How can we write the expansion of $\frac{e^t(e^t-1)^{n-1}}{(e^t+1)^{n+1}}.$ How can we write the expansion of
$$\frac{e^t(e^t-1)^{n-1}}{(e^t+1)^{n+1}}.$$ 
I know that
$$\frac{1}{(e^t+1)^{n+1}}=\sum_{k=0}^\infty (-1)^k \binom{n+k}{k} e^{kt}.$$
Could you please give me an idea? 
 A: If you wish to perform a series expansion in terms of $e^t$, then define $$f(z) = \frac{z(z-1)^{n-1}}{(z+1)^{n+1}}$$ and your desired expansion corresponds to the expansion of $f(z)$ with respect to $z = 0$, followed by the substitution $z = e^t$.

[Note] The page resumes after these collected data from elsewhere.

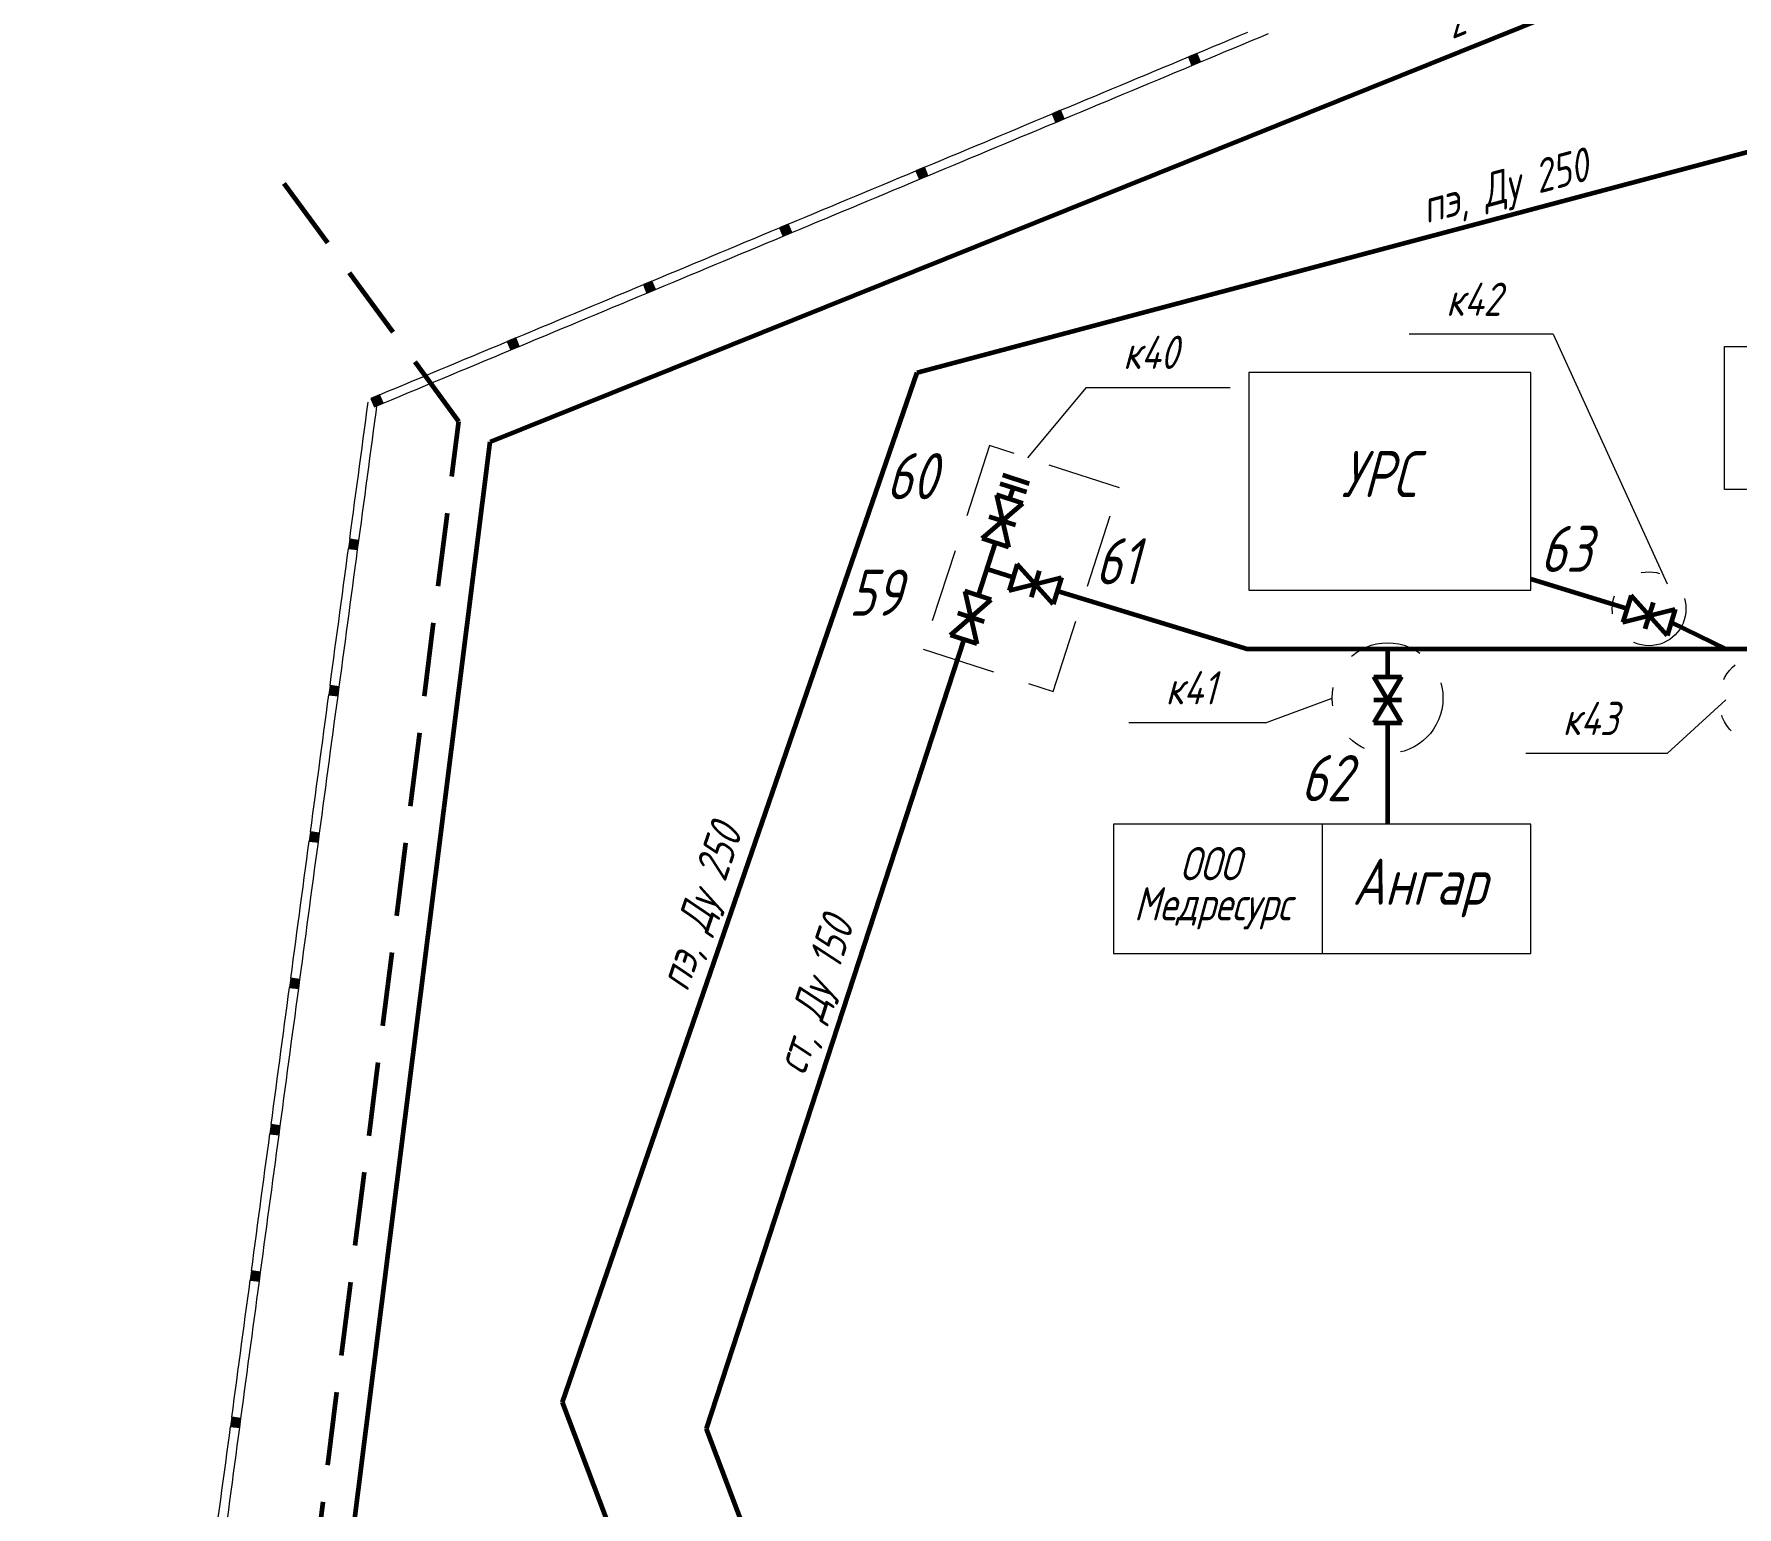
# Model space of a CAD drawing. Header units: millimetres. Extents: x 0 to 841, y 0 to 594.
# Drawn here: x 109.2 to 201.5, y 367.4 to 447.3 of the extents above; entities that cross this region are included whole.
import ezdxf

# ---------------------------------------------------------------- set-up
doc = ezdxf.new("R2010")
doc.units = ezdxf.units.MM
for name, pattern in [('K5LT32769', [0]), ('K5LT_BASIC', [0]), ('K5LT_CHAIN_LINE_WITH_2_POINTS', [12, 4, -2, 1, -2, 1, -2]), ('K5LT_DASHED', [6, 4, -2]), ('K5LT_DASHED_REINFORCED', [6, 4, -2]), ('K5LT_THIN', [0])]:
    doc.linetypes.add(name, pattern=pattern)
doc.styles.add('KTEXTSTYLE', font='GOST_AU.SHX', dxfattribs={"width": 0.96, "height": 5})

# ---------------------------------------------------------------- blocks, each defined once
blk = doc.blocks.new('T4')
at = {"color": 7, "char_height": 1.8, "attachment_point": 1, "style": 'KTEXTSTYLE'}
for s, insert in [('\\H5.0;\\W1.000;\\Q15;\\Q15;\\W0.965;\\H1.80;ООО ', (171.279, 403.201)), ('\\H5.0;\\W1.000;\\Q15;\\Q15;\\W0.965;\\H1.80;Медресурс', (168.803, 401.031))]:
    blk.add_mtext(s, dxfattribs=dict(at, insert=insert))
blk = doc.blocks.new('U33')
for points in [[(126.734, 419.322), (126.801, 419.817), (126.305, 419.884), (126.238, 419.388)], [(125.669, 411.393), (125.736, 411.888), (125.24, 411.955), (125.174, 411.459)], [(124.604, 403.464), (124.671, 403.96), (124.175, 404.026), (124.109, 403.531)], [(123.539, 395.535), (123.606, 396.031), (123.11, 396.097), (123.044, 395.602)], [(122.474, 387.606), (122.541, 388.102), (122.045, 388.169), (121.979, 387.673)], [(121.409, 379.678), (121.476, 380.173), (120.98, 380.24), (120.914, 379.744)], [(120.344, 371.749), (120.411, 372.244), (119.915, 372.311), (119.849, 371.815)], [(119.279, 363.82), (119.346, 364.316), (118.85, 364.382), (118.784, 363.887)], [(118.214, 355.891), (118.281, 356.387), (117.785, 356.453), (117.719, 355.958)], [(117.149, 347.962), (117.216, 348.458), (116.72, 348.525), (116.654, 348.029)], [(116.084, 340.034), (116.151, 340.529), (115.656, 340.596), (115.589, 340.1)], [(115.02, 332.105), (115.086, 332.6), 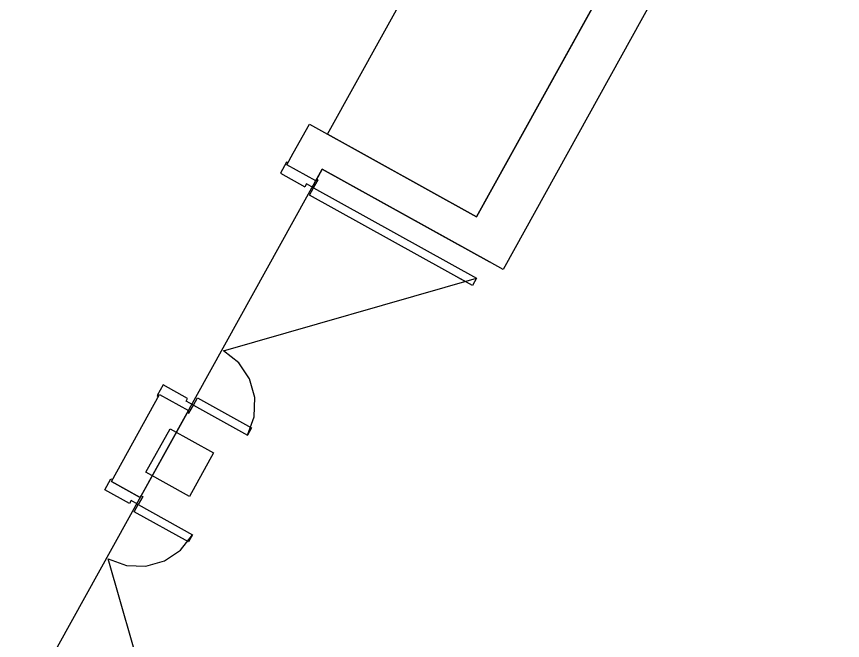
# Model space of a CAD drawing. Header units: metres. Extents: x 3.2 to 22.3, y 0.7 to 22.8.
# Drawn here: x 8.542 to 10.115, y 11.89 to 13.077 of the extents above; entities that cross this region are included whole.
import ezdxf

# ---------------------------------------------------------------- set-up
doc = ezdxf.new("R2010")
doc.units = ezdxf.units.M
doc.layers.add('ARREDI', color=9, linetype='Continuous')
doc.layers.add('PARETI_STRUTTURE', color=7, linetype='Continuous')

msp = doc.modelspace()

# ---------------------------------------------------------------- linework, layer by layer
at = {"layer": 'ARREDI'}
msp.add_lwpolyline([(9.7923, 13.37), (9.4186, 12.6959), (9.1346, 12.8533), (9.398, 13.3285)], close=True, dxfattribs=at)
at = {"layer": 'PARETI_STRUTTURE'}
for points in [[(9.0696, 12.8173), (9.1001, 12.8724), (9.4187, 12.6959), (10.4785, 14.6077)], [(9.4187, 12.6958), (9.7909, 13.3674)], [(9.8498, 13.3437), (9.8757, 13.3294), (9.4691, 12.5959), (9.4432, 12.6102)], [(9.1247, 12.7868), (9.1123, 12.7644), (9.0572, 12.7949), (9.0696, 12.8173)], [(9.0563, 12.7999), (9.0449, 12.7793)], [(9.0591, 12.7984), (9.0563, 12.7999)], [(9.0572, 12.7949), (9.0591, 12.7984)], [(9.1123, 12.7644), (9.0572, 12.7949)], [(8.5424, 11.7365), (9.1247, 12.7868), (9.3881, 12.6408)], [(8.5424, 11.7365), (9.1247, 12.7868), (9.4432, 12.6102)], [(9.0449, 12.7793), (9.0917, 12.7533)], [(9.4432, 12.6102), (9.1247, 12.7868)], [(8.9826, 12.2803), (8.9952, 12.315), (8.9965, 12.352), (8.9863, 12.3875), (8.9657, 12.4181), (8.9365, 12.4409), (9.4183, 12.579), (9.4106, 12.5652), (9.1007, 12.737), (9.1083, 12.7508), (9.0946, 12.7585), (9.0917, 12.7533)], [(9.1083, 12.7508), (9.1169, 12.7663)], [(9.1142, 12.7679), (9.1123, 12.7644)], [(9.1169, 12.7663), (9.1142, 12.7678)], [(9.1083, 12.7508), (9.4183, 12.579)], [(9.3969, 12.5729), (9.3831, 12.5805)], [(8.8215, 12.3763), (8.8101, 12.3557)], [(8.8683, 12.3504), (8.8215, 12.3763)], [(8.8101, 12.3557), (8.8128, 12.3542)], [(8.8128, 12.3542), (8.8147, 12.3576)], [(8.8147, 12.3576), (8.8698, 12.3271)], [(8.8655, 12.3452), (8.8683, 12.3504)], [(8.8707, 12.3221), (8.8793, 12.3376), (8.8869, 12.3514), (8.9902, 12.2941), (8.9826, 12.2803)], [(8.8793, 12.3376), (8.8655, 12.3452)], [(8.8793, 12.3376), (8.9826, 12.2803)], [(8.8698, 12.3271), (8.8679, 12.3236)], [(8.8679, 12.3236), (8.8707, 12.3221)], [(8.8776, 12.0909), (8.8699, 12.0771), (8.7666, 12.1344), (8.7743, 12.1482)], [(8.7743, 12.1482), (8.8776, 12.0909)], [(8.8551, 11.5631), (8.5452, 11.7349), (8.5528, 11.7487), (8.8628, 11.5769), (8.8551, 11.5631), (8.717, 12.0449), (8.7517, 12.0322), (8.7887, 12.0309), (8.8242, 12.0411), (8.8548, 12.0618), (8.8776, 12.0909)]]:
    msp.add_lwpolyline(points, dxfattribs=at)
for points in [[(8.8147, 12.3576), (8.8698, 12.3271), (8.7782, 12.1618), (8.7231, 12.1923)], [(8.789, 12.2098), (8.8349, 12.2924), (8.9175, 12.2466), (8.8717, 12.1639)], [(8.7231, 12.1923), (8.7782, 12.1618), (8.7801, 12.1652), (8.7829, 12.1637), (8.7743, 12.1482), (8.7605, 12.1558), (8.7576, 12.1506), (8.7108, 12.1766), (8.7222, 12.1973), (8.725, 12.1957)]]:
    msp.add_lwpolyline(points, close=True, dxfattribs=at)

doc.saveas('drawing.dxf')

Next, observe $$\sum_{k=n}^\infty (-1)^k \frac{k!}{(k-n)!} z^{k-n} = \frac{d^n}{dz^n}\left[\frac{1}{z+1}\right] = \frac{(-1)^n n!}{(z+1)^{n+1}},$$ so that $$\frac{1}{(z+1)^{n+1}} = \sum_{k=n}^\infty \binom{k}{n} (-z)^{k-n} = \sum_{k=0}^\infty \binom{k+n}{n} (-z)^k.$$  This can of course be found from the binomial series.  Consequently, with the convention that $\binom{a}{b} = 0$ if $a < b$, and the transformation of indices $s = k+m$, $j = m$,
$$\begin{align*}
f(z) &= z \sum_{m=0}^{n-1} \binom{n-1}{m} z^m (-1)^{n-1-m} \sum_{k=0}^\infty \binom{k+n}{n} (-z)^k \\
&= z \sum_{k=0}^\infty \sum_{m=0}^{n-1} \binom{n-1}{m} \binom{k+n}{n} (-1)^{n-1-m+k} z^{k+m} \\
&= \sum_{s=0}^\infty \sum_{j=0}^{n-1} \binom{n-1}{j} \binom{s-j+n}{n} (-1)^{n+s-2j-1} z^{s+1}. \\
\end{align*}$$
The coefficient for $z^{s+1}$, which we define as $$c(s) = \sum_{j=0}^{n-1} \binom{n-1}{j} \binom{s-j+n}{n} (-1)^{n+s-2j-1},$$ is expressible as a hypergeometric function but doesn't appear to have a simple closed form for general $n$.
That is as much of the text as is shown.